Notes
four triangles in a square solution

Solution to the Four Triangles in a Square Puzzle

Solution by Areas of Special Triangles and Angle Properties

In the above diagram, triangle $O D B$ is equilateral so line segments $B D$ and $O B$ are the same length.

Triangle $B D C$ is isosceles and right-angled. The perpendicular distance of $C$ to the side $B D$ is therefore half of the length of $B D$, so the area of this triangle is a quarter of the square of the length of $B D$.

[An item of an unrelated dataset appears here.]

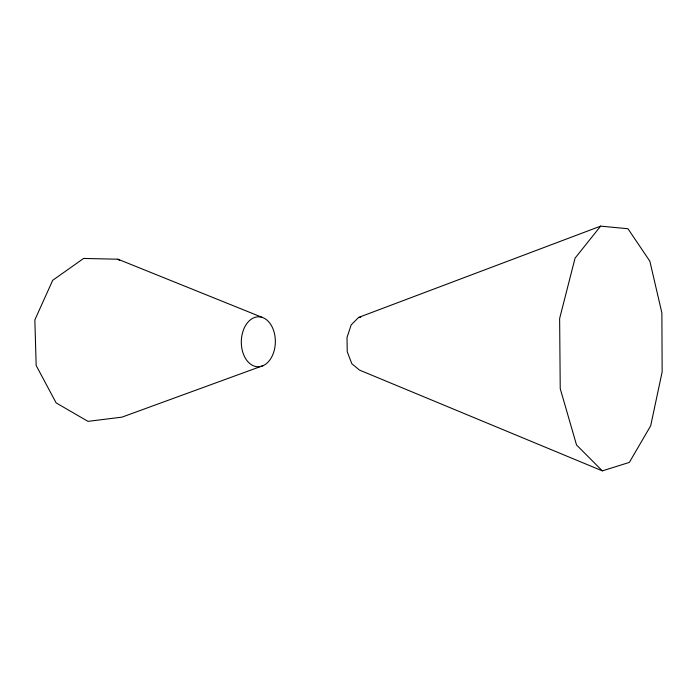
<?xml version="1.0" encoding="UTF-8"?>
<svg xmlns="http://www.w3.org/2000/svg" width="697" height="697" viewBox="0 0 697 697"><rect width="100%" height="100%" fill="white"/><g stroke="black" fill="none" stroke-linecap="round" stroke-linejoin="round"><path stroke-width="1.05" d="M600.64 226.133L575.051 258.151L559.63 318.529L560.231 388.647L576.532 444.974L602.339 470.867L629.339 462.407L650.684 425.771L662.15 371.893L661.88 312.927L649.848 261.166L627.962 228.738L600.64 226.133L358.606 317.431L351.201 324.872L347.01 337.487L347.245 351.793L351.846 363.756L359.469 370.081L602.339 470.867M263.501 365.472L121.966 417.146L87.988 421.363L56.152 402.918L36.166 365.507L34.85 319.888L52.711 280.299L83.614 258.439L117.941 259.206L262.542 317.518A24.97 17.016 -89.1 0 1 270.514 358.999A24.97 17.016 -89.1 0 1 241.946 348.84A24.97 17.016 -89.1 0 1 262.542 317.518M358.606 317.431L360.741 317.344M117.941 259.206L119.666 260.495"/></g></svg>
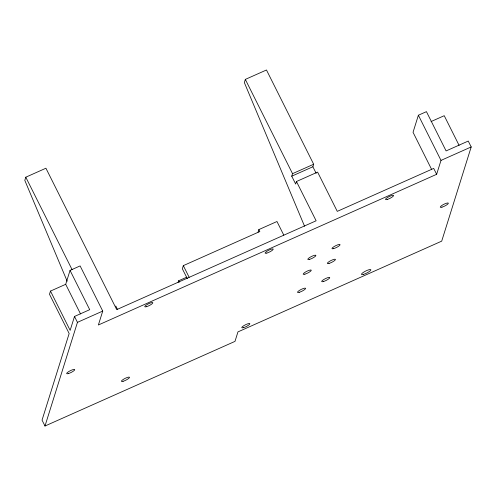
<?xml version="1.0" encoding="UTF-8"?>
<svg xmlns="http://www.w3.org/2000/svg" width="496" height="496" viewBox="0 0 496 496"><rect width="100%" height="100%" fill="white"/><g stroke="black" fill="none" stroke-linecap="round" stroke-linejoin="round"><path stroke-width="0.74" d="M80.532 313.937L65.695 284.313L70.048 270.407L80.116 265.918L102.734 311.085L98.382 324.992L436.641 174.307L433.696 168.417L337.268 211.37L317.601 172.1L296.459 181.517L316.126 220.788L116.727 309.616L45.923 168.225L25.792 177.196L24.8 180.358L67.177 281.232M65.695 284.313L50.48 291.09L49.488 294.252L69.155 333.523L42.042 420.124L44.993 426.014L234.986 341.384L237.956 331.898L441.707 241.137L471.2 146.946L468.249 141.056L446.102 150.927L426.436 111.65L418.382 115.239L413.038 132.302L431.669 169.514M70.048 270.407L89.714 309.678L74.499 316.46L70.147 330.367L50.48 291.09M44.993 426.014L77.45 322.35L74.499 316.46M178.107 282.28L178.572 280.804L186.626 277.214M283.78 235.11L276.973 221.514L258.85 229.586L259.83 231.545L183.322 265.633L182.33 268.795L187.308 278.578M316.157 173.315L312.877 166.768L313.67 164.244L266.47 69.986L245.328 79.403L244.336 82.559L304.544 226.207M258.056 232.116L258.85 229.586M296.459 181.517L295.672 184.041L291.735 176.185L292.528 173.662L245.328 79.403M436.641 174.307L441 160.4L418.382 115.239M292.528 173.662L313.67 164.244M291.735 176.185L312.877 166.768M431.08 121.551L444.23 115.692L459.067 145.316M77.45 322.35L102.734 311.085M441 160.4L471.2 146.946M183.322 265.633L189.137 277.245M178.572 280.804L179.254 282.168M115.797 306.001L117.515 309.442M25.792 177.196L72.087 269.65M299.2 292.318A4.501 0.973 -26.6 0 0 305.586 288.529A4.501 0.973 -26.6 0 0 299.888 290.129A4.501 0.973 -26.6 0 0 299.2 292.318M323.361 281.554A4.501 0.973 -26.6 0 0 329.747 277.766A4.501 0.973 -26.6 0 0 324.049 279.366A4.501 0.973 -26.6 0 0 323.361 281.554M304.885 274.17A4.501 0.973 -26.6 0 0 311.265 270.388A4.501 0.973 -26.6 0 0 305.567 271.982A4.501 0.973 -26.6 0 0 304.885 274.17M309.516 259.371A4.501 0.973 -26.6 0 0 315.902 255.583A4.501 0.973 -26.6 0 0 310.205 257.176A4.501 0.973 -26.6 0 0 309.516 259.371M329.046 263.407A4.501 0.973 -26.6 0 0 335.426 259.625A4.501 0.973 -26.6 0 0 329.728 261.218A4.501 0.973 -26.6 0 0 329.046 263.407M333.678 248.608A4.501 0.973 -26.6 0 0 340.064 244.819A4.501 0.973 -26.6 0 0 334.366 246.419A4.501 0.973 -26.6 0 0 333.678 248.608M123.107 381.281A4.501 0.973 -26.6 0 0 129.487 377.499A4.501 0.973 -26.6 0 0 123.789 379.093A4.501 0.973 -26.6 0 0 123.107 381.281M243.468 327.664A4.501 0.973 -26.6 0 0 249.854 323.882A4.501 0.973 -26.6 0 0 244.156 325.475A4.501 0.973 -26.6 0 0 243.468 327.664M266.823 253.078A4.501 0.973 -26.6 0 0 273.209 249.29A4.501 0.973 -26.6 0 0 267.511 250.883A4.501 0.973 -26.6 0 0 266.823 253.078M387.184 199.46A4.501 0.973 -26.6 0 0 393.57 195.672A4.501 0.973 -26.6 0 0 387.872 197.272A4.501 0.973 -26.6 0 0 387.184 199.46M146.463 306.695A4.501 0.973 -26.6 0 0 152.842 302.907A4.501 0.973 -26.6 0 0 147.145 304.501A4.501 0.973 -26.6 0 0 146.463 306.695M363.438 274.381A5.245 1.135 -26.6 0 0 370.884 269.967A5.245 1.135 -26.6 0 0 364.238 271.827A5.245 1.135 -26.6 0 0 363.438 274.381M68.336 373.587A4.501 0.973 -26.6 0 0 74.722 369.799A4.501 0.973 -26.6 0 0 69.025 371.399A4.501 0.973 -26.6 0 0 68.336 373.587M441.955 207.154A4.501 0.973 -26.6 0 0 448.334 203.372A4.501 0.973 -26.6 0 0 442.637 204.966A4.501 0.973 -26.6 0 0 441.955 207.154"/></g></svg>

Triangle $A O B$ is also isosceles. Angle $D \hat{O} A$ is a right-angle and angle $D \hat{O} B$ is the interior angle of an equilateral triangle, so is $60^\circ$. This leaves angle $B \hat{O} A$ as $30^\circ$. In the above diagram, $E$ is the point on $O B$ such that angle $O \hat{E} A$ is a right-angle, so angle $O \hat{E} A$ is $180^\circ - 90^\circ - 30^\circ = 60^\circ$ as angles in a triangle add up to $180^\circ$. Triangle $O E A$ is therefore half an equilateral triangle, meaning that $A E$ has half the length of $O A$, which is the same as $O B$ and $B D$. The area of triangle $A O B$ is therefore a quarter of the square of the length of $O B$.

Triangles $B D C$ and $A O B$ therefore have the same area and so the ratio of yellow to green in the design is $1 : 1$.